Exercise: Restate word for word the lines of the listing below, from its first line through the line with "#6=PRODUCT_DEFINITION_FORMATION('','',#4);", without the pictures.

[Start of Attachment]

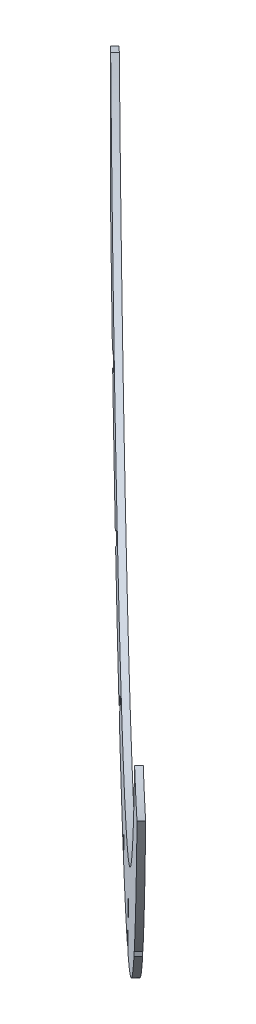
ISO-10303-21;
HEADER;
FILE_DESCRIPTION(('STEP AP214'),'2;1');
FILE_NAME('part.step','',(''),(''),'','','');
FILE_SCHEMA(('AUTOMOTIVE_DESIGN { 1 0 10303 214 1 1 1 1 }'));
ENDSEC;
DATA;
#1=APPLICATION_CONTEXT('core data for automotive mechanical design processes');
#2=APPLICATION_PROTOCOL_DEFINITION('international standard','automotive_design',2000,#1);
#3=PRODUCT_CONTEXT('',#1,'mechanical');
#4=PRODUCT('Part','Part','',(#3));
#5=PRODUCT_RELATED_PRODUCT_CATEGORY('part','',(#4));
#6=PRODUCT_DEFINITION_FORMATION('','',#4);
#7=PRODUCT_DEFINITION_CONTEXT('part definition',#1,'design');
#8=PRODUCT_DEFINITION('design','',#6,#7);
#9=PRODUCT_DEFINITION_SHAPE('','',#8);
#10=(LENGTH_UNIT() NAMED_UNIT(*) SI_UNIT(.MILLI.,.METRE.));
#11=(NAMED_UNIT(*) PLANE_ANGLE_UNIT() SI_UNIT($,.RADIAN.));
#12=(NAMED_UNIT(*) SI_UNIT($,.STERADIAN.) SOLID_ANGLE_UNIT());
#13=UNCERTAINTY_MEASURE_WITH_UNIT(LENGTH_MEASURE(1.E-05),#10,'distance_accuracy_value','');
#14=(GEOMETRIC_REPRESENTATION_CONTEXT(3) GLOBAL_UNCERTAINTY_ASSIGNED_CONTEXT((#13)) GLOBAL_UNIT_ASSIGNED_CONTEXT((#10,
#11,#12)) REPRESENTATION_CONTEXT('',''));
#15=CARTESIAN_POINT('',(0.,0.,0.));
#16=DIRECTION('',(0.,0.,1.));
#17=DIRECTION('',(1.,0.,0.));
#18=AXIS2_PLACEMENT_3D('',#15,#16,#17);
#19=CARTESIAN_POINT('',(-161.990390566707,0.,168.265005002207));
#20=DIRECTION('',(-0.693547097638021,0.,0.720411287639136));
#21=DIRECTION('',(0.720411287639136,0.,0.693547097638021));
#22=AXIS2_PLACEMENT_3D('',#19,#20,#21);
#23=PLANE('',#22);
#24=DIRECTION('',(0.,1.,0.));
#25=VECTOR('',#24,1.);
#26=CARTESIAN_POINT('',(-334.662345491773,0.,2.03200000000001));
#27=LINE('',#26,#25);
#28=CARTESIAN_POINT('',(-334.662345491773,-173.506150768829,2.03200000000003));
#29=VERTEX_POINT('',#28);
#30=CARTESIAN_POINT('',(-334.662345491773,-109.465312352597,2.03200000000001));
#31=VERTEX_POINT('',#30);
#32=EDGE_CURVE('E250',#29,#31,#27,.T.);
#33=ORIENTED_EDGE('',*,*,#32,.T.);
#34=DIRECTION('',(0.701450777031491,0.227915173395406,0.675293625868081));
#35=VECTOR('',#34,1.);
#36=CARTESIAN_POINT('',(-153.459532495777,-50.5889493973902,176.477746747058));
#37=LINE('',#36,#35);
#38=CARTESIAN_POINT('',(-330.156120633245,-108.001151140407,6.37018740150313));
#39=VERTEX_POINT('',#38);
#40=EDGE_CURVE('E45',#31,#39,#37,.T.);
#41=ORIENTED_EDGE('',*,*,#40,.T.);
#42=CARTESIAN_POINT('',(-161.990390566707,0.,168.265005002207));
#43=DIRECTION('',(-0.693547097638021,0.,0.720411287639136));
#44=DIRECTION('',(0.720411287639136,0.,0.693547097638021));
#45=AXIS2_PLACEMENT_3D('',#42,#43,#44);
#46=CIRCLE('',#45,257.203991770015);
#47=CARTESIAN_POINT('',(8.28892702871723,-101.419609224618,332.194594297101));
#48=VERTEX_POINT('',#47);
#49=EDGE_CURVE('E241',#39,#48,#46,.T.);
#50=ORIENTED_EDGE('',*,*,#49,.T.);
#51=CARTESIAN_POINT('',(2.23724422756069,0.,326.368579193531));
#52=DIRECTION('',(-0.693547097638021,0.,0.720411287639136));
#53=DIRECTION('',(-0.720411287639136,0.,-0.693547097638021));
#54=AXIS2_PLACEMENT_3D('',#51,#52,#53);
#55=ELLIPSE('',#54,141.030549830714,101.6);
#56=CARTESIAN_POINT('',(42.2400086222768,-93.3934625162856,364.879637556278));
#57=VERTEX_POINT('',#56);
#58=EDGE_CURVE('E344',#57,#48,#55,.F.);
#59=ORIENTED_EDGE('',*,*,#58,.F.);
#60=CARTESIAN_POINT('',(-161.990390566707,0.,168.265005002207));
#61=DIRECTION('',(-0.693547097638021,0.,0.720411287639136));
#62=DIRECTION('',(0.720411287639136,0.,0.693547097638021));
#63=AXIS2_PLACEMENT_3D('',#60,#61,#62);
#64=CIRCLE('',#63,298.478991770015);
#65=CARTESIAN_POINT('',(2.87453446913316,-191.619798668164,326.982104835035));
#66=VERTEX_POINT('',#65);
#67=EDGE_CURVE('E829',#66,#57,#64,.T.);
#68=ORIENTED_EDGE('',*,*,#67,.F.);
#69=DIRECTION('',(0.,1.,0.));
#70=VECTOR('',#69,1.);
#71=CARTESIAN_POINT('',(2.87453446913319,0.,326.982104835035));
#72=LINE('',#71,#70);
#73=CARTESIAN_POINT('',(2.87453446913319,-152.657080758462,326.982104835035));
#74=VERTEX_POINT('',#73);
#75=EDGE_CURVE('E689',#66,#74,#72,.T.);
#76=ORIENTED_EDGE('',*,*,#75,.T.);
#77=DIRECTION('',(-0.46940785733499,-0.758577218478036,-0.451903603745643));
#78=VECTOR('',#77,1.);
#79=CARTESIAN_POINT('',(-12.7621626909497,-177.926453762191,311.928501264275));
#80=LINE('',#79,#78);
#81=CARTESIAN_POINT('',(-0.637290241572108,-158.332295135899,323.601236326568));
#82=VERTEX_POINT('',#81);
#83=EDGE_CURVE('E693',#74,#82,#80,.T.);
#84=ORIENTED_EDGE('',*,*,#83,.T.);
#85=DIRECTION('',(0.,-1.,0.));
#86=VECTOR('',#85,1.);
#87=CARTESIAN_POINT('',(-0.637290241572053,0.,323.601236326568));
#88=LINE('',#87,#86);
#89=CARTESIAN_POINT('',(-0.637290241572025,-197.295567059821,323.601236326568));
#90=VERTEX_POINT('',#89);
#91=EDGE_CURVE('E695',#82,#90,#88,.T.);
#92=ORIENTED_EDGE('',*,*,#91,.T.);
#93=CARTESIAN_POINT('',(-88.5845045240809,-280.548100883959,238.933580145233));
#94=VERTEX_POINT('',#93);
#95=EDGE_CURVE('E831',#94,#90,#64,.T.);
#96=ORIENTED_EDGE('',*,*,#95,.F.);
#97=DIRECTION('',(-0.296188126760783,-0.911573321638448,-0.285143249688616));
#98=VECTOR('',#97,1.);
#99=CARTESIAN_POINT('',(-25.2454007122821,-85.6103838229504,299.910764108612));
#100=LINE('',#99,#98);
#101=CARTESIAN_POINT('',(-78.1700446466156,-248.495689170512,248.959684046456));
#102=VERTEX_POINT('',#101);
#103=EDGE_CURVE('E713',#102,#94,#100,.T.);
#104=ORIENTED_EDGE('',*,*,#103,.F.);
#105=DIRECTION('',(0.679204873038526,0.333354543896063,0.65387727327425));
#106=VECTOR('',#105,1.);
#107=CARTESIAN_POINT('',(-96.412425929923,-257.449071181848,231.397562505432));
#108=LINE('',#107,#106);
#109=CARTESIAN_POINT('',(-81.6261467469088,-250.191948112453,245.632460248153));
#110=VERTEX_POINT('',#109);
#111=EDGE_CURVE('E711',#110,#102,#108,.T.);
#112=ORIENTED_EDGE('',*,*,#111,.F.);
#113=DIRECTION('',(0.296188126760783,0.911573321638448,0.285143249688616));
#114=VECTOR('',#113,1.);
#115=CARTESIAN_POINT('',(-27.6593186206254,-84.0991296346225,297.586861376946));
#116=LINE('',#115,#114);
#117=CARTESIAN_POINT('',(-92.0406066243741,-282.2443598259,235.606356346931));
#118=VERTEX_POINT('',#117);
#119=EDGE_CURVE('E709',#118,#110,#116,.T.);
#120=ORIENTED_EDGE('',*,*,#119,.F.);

[End of Attachment]

Answer:
ISO-10303-21;
HEADER;
FILE_DESCRIPTION(('STEP AP214'),'2;1');
FILE_NAME('part.step','',(''),(''),'','','');
FILE_SCHEMA(('AUTOMOTIVE_DESIGN { 1 0 10303 214 1 1 1 1 }'));
ENDSEC;
DATA;
#1=APPLICATION_CONTEXT('core data for automotive mechanical design processes');
#2=APPLICATION_PROTOCOL_DEFINITION('international standard','automotive_design',2000,#1);
#3=PRODUCT_CONTEXT('',#1,'mechanical');
#4=PRODUCT('Part','Part','',(#3));
#5=PRODUCT_RELATED_PRODUCT_CATEGORY('part','',(#4));
#6=PRODUCT_DEFINITION_FORMATION('','',#4);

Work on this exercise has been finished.